Sometime during this hierarchy of merging structures, the density of the gas got high enough for the first generation of stars to form. These are called Population III stars, and they were unlike anything we see today. Since the gas from which they formed was composed only of hydrogen and helium, with none of the heavier elements that were made by this generation of stars and incorporated into the next, these stars were much more massive. With masses between 100 and 1000 M , they became very hot, evolved quickly, generated heavier elements, blew much of their outer layers and much of the new elements away with strong stellar winds, and then very likely left behind a large population of black holes. The ultraviolet light emitted by these stars seems to have re-ionized much of the hydrogen in the universe, which had been neutral since decoupling. All of this happened between redshifts of 10 and 20, the epoch of re-ionization. This was the epoch of first light for galaxies, the first time that the expanding universe would have looked optically a bit like it does today, if there had been anyone there to observe it!
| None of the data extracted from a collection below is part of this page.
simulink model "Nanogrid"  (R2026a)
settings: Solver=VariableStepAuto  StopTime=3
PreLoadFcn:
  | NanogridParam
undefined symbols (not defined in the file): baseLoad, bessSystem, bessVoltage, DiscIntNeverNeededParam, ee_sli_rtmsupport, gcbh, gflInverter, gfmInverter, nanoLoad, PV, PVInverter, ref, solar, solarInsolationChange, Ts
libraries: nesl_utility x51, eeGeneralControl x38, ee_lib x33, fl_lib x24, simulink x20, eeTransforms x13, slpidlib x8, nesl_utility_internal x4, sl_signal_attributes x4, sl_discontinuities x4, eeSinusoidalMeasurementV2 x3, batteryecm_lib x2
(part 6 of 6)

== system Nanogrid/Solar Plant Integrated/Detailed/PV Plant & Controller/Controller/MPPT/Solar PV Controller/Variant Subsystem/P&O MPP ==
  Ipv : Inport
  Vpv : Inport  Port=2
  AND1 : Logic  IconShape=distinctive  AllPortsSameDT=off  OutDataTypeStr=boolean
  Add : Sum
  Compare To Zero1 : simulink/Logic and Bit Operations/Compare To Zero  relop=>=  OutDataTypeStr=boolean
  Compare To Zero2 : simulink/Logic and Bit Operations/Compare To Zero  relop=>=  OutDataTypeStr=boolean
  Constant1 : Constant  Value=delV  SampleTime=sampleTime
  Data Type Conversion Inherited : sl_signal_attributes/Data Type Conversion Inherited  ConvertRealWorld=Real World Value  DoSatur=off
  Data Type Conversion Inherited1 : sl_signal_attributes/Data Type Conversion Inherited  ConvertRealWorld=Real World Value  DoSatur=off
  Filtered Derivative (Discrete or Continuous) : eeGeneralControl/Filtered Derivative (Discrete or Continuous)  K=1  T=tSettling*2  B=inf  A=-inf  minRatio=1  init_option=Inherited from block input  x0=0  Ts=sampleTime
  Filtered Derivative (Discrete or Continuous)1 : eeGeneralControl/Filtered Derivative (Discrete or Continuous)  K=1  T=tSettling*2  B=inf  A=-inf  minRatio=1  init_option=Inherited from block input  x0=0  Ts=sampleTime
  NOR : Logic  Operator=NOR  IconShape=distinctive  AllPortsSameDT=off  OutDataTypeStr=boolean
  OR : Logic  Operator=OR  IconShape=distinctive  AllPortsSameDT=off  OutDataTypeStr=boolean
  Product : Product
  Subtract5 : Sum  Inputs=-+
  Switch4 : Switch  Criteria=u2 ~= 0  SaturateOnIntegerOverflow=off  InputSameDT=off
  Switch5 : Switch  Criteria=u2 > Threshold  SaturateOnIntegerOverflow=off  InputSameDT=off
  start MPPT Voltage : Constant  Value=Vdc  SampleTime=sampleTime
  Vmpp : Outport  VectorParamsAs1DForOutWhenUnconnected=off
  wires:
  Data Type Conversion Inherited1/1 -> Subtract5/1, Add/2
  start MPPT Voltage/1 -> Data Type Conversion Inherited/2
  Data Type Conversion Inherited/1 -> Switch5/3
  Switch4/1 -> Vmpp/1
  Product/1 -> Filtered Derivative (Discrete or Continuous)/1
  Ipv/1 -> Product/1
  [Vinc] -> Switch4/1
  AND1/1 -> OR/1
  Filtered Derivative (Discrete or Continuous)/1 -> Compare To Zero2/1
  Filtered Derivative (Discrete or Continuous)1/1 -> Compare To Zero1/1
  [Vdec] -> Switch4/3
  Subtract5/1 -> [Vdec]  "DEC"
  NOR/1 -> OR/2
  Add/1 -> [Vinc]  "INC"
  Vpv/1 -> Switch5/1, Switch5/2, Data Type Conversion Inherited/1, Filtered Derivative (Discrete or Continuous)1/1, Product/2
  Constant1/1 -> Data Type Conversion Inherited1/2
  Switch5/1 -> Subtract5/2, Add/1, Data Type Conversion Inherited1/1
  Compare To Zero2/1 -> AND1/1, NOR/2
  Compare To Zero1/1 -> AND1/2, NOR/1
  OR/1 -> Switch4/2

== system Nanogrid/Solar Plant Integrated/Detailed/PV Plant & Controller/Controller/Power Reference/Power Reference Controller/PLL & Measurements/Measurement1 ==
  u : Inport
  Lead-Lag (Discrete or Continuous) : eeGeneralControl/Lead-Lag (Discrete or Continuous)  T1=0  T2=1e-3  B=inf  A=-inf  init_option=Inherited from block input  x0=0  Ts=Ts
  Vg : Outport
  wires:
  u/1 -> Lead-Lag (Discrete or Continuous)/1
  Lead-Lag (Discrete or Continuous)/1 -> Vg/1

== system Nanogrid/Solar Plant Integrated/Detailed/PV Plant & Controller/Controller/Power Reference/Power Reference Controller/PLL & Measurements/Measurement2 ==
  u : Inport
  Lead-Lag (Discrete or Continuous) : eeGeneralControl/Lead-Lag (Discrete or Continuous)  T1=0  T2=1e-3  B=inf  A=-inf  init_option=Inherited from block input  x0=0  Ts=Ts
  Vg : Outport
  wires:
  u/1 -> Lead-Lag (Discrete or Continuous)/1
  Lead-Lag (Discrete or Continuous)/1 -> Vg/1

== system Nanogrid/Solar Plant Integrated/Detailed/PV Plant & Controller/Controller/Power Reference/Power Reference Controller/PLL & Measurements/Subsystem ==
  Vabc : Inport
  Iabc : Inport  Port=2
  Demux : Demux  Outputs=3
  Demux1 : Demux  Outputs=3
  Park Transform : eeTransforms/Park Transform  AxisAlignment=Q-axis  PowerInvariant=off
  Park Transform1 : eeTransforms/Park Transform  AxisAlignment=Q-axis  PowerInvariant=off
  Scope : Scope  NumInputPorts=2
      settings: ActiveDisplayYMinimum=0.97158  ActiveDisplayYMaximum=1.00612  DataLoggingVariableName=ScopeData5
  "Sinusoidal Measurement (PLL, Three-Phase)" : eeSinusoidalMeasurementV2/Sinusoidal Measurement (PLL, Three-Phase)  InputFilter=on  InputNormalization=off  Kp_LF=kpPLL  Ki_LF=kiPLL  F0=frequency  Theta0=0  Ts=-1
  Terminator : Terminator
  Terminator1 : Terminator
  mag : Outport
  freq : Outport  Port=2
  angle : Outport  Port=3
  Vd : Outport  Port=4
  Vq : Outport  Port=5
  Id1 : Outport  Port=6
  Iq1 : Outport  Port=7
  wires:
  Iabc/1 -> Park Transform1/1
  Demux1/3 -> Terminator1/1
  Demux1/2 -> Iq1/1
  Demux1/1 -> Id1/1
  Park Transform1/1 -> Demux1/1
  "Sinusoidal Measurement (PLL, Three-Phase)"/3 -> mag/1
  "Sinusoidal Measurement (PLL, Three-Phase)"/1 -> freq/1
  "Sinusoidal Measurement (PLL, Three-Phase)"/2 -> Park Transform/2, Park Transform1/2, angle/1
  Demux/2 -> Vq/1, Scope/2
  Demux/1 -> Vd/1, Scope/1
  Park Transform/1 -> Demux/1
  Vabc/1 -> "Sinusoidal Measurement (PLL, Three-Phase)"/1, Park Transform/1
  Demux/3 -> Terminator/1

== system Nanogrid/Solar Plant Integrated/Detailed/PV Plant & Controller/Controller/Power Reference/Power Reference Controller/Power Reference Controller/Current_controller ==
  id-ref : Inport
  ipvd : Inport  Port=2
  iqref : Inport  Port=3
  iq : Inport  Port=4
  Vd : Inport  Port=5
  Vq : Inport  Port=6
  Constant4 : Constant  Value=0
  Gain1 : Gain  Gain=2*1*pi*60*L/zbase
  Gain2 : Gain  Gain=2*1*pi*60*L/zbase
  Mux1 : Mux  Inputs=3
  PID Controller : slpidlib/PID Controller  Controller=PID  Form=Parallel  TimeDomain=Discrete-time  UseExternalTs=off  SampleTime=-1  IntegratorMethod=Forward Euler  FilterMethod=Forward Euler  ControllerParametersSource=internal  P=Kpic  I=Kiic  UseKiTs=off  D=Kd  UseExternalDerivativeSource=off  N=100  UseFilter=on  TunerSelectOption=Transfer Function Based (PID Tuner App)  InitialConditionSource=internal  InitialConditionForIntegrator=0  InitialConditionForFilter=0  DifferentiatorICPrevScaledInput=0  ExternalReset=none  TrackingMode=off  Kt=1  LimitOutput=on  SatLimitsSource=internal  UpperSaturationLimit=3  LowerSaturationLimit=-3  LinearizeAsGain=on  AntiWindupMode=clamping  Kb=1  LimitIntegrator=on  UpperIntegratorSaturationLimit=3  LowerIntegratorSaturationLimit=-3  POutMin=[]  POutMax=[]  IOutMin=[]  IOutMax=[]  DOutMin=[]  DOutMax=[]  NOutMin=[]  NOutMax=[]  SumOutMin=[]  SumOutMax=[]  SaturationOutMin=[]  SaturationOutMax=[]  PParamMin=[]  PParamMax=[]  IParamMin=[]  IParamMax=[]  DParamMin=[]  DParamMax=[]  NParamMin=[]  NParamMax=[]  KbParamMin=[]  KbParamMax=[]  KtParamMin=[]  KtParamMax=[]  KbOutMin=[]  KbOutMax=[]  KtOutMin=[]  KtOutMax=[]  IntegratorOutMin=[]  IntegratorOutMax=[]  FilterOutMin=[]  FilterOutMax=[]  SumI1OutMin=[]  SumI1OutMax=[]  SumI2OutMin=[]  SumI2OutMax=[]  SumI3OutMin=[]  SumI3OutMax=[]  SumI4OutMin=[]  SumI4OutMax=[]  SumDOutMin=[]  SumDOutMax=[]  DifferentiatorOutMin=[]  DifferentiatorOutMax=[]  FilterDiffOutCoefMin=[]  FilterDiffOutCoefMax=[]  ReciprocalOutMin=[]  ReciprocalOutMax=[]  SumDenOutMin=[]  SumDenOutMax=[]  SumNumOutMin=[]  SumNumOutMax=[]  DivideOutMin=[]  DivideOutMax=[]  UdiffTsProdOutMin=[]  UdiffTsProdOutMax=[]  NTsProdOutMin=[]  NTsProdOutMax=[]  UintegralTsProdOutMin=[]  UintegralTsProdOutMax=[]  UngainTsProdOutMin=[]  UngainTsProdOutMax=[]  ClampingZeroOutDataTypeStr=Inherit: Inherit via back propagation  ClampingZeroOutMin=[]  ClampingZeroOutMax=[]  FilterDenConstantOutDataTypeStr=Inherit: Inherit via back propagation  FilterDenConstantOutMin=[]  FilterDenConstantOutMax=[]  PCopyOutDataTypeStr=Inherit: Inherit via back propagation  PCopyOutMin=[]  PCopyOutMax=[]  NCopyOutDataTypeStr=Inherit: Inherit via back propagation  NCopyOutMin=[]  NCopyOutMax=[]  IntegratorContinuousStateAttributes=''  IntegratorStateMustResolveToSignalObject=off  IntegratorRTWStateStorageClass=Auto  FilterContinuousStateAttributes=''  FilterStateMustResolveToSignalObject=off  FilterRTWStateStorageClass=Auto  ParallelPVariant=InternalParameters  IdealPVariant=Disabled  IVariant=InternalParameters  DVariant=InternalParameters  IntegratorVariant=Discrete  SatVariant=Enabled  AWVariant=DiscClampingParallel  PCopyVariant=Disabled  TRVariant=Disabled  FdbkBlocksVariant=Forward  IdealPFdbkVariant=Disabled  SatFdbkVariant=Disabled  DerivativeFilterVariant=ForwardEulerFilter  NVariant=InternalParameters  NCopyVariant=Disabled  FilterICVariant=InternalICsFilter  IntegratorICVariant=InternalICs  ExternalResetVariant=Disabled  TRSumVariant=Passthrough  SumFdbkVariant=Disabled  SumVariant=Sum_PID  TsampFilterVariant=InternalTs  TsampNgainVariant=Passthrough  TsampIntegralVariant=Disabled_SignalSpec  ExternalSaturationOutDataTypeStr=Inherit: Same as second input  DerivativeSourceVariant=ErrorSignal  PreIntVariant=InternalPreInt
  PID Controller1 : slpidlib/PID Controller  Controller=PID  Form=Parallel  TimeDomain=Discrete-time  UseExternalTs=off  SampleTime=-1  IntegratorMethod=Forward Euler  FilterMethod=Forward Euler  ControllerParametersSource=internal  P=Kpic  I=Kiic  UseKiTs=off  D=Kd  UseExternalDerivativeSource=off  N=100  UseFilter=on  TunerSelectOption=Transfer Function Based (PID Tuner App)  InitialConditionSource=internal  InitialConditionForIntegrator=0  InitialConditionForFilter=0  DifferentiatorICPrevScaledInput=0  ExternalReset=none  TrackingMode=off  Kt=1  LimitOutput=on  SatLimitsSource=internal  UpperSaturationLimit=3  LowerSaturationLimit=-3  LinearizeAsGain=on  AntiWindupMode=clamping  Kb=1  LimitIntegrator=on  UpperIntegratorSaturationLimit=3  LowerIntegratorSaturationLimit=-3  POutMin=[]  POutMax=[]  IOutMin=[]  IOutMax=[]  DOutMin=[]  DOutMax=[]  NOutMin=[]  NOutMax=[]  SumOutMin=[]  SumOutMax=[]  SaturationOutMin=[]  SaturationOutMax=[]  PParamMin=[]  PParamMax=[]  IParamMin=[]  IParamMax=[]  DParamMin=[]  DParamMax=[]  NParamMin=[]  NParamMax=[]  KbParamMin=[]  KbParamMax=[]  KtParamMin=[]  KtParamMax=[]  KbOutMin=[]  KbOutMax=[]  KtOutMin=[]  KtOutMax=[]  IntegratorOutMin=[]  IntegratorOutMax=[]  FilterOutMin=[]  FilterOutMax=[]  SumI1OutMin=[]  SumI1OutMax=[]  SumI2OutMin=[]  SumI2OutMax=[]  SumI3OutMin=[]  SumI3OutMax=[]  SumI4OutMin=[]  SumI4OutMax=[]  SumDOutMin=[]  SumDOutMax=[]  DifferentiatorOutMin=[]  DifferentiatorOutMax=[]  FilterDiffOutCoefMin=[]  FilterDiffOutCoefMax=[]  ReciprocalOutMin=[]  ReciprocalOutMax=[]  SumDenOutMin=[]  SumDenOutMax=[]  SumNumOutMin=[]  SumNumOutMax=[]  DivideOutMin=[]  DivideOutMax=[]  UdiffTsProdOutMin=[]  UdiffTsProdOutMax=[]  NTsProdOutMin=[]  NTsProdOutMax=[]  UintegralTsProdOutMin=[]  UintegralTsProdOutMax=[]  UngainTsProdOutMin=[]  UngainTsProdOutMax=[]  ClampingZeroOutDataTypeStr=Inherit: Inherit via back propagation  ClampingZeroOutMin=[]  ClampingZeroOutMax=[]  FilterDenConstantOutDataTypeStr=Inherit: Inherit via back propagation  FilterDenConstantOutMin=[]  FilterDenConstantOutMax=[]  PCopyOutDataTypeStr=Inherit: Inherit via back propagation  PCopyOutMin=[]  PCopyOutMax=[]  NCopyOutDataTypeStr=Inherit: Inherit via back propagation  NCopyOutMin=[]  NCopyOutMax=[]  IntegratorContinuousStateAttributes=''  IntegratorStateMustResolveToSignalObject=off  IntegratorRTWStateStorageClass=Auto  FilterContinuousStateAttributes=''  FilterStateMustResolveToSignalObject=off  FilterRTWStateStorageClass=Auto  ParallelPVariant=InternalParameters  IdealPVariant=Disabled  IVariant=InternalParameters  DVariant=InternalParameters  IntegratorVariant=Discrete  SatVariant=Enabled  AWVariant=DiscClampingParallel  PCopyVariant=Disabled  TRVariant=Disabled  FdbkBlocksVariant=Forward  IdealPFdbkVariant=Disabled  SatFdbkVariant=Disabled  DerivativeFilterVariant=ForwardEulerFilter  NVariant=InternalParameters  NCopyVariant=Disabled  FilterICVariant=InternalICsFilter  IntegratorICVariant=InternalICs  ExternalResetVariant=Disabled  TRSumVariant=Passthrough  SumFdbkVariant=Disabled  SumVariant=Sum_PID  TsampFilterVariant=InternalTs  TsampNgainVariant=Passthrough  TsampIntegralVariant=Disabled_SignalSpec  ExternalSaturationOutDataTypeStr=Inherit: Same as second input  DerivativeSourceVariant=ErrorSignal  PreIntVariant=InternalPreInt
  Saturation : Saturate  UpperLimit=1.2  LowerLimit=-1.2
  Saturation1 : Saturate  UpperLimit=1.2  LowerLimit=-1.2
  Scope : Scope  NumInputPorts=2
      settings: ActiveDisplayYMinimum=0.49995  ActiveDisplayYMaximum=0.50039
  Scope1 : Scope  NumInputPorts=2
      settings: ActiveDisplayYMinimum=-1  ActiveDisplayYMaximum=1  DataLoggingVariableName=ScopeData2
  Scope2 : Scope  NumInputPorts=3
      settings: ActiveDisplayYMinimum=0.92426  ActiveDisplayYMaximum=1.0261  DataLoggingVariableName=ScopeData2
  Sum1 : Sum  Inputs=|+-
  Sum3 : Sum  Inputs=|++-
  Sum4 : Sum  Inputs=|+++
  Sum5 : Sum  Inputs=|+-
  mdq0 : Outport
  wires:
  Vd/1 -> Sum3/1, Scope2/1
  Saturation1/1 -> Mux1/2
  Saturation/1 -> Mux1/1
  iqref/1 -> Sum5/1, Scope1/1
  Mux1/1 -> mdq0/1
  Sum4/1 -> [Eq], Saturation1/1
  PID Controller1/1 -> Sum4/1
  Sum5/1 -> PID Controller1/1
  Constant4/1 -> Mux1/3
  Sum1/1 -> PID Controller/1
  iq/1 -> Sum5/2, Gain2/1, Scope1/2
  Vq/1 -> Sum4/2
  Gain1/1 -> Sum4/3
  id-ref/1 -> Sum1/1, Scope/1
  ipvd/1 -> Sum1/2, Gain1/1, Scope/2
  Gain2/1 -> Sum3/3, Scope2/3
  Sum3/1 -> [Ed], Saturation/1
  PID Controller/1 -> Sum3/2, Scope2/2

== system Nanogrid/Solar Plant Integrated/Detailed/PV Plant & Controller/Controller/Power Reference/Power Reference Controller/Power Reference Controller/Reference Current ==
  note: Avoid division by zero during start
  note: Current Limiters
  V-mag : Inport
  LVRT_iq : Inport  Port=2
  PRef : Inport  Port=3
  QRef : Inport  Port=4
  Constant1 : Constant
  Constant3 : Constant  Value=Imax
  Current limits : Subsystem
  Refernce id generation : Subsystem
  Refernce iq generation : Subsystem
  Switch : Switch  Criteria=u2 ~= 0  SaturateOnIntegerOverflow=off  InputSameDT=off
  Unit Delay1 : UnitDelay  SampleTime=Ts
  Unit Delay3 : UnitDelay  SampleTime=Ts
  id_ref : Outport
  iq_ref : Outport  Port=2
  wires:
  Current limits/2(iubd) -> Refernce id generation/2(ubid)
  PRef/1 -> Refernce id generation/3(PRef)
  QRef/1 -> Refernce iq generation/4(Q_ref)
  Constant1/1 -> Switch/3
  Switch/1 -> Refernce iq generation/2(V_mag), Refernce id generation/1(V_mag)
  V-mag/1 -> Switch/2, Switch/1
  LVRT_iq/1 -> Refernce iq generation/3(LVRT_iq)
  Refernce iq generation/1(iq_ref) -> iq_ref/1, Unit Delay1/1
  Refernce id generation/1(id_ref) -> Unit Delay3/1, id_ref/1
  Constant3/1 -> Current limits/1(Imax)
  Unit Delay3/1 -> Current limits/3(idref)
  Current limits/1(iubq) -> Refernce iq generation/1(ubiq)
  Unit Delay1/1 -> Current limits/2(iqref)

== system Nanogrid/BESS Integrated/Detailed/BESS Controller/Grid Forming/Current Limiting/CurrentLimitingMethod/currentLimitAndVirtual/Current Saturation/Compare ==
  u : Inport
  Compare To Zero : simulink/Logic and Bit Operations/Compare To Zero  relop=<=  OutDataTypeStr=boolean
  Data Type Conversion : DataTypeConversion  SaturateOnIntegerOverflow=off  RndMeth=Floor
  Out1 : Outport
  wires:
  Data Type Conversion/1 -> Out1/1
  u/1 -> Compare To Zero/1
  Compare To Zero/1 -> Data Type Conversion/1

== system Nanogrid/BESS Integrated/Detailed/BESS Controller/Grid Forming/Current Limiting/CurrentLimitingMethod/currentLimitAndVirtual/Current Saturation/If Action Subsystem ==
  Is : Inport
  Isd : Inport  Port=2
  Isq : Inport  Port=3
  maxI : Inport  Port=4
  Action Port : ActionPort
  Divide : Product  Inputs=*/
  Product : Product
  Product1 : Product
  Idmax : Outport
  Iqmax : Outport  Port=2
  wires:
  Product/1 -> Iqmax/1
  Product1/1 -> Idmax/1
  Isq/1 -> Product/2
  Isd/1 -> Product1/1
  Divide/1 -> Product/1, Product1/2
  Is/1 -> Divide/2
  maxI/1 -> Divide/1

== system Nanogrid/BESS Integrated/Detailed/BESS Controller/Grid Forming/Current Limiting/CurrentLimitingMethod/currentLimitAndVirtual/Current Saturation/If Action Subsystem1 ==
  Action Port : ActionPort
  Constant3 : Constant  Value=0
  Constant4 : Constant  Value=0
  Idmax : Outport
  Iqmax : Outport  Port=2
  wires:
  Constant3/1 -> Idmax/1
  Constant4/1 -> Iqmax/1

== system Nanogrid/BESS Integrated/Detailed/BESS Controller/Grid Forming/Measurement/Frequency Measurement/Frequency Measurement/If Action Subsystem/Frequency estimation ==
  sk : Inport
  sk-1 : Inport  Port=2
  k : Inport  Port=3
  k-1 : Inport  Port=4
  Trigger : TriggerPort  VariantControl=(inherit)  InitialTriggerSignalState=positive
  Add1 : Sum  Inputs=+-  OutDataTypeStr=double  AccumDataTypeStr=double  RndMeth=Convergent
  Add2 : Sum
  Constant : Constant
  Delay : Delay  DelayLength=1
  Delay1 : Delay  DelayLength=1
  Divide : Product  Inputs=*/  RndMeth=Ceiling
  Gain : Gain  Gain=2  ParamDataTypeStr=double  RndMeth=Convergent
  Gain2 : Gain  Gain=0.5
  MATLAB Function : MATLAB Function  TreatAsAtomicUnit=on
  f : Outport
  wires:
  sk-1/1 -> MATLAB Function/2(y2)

After re-ionization and the generation of heavier elements by the first stars, the continued expansion of the universe led galaxies to be more and more isolated from each other, and they became nurseries for one generation of new stars after another, each with a bit more of the heavier elements. Our Sun, whose age is about 5 billion years, was formed at a redshift between 0.3 and 0.4.

One of the puzzles in this scenario of hierarchical structure formation is the appearance of massive black holes in the centers of apparently all galaxies. Astrophysicists do not yet know whether these formed directly by the collapse of huge gas clouds as the baryonic matter was accumulating in the potential wells, or if they arose later by the growth and merger of intermediate-mass black holes left behind by Population III stars. The fact that galaxy evolution is dominated by mergers suggests that the LISA gravitational wave observatory (see the previous chapter) will have an abundance of black-hole mergers to study.

Although physicists do not know what kinds of particles (or indeed, more massive structures like black holes) might make up the dark matter, and although the dark matter emits no electromagnetic radiation, it is possible to make indirect observations of it. One way it shows itself is in the rotation curves of spiral galaxies: in the outer regions of spirals the orbital speeds of gas and stars are much greater than could be accounted for by the gravitational pull of the visible stars. Indeed, observations suggest that in most spiral galaxies the total mass of the galaxy inside a given radius continues to increase linearly with radius even well outside the visible limits of the galaxy. This is the footprint of the dark matter density concentration within which the galaxy formed. The other way of getting indirect evidence for dark matter is through gravitational lensing. Astronomers have many images like Fig. 11.8, as we discussed in the previous chapter. Both of these methods involve essentially using gravity to ‘weigh’ the dark matter.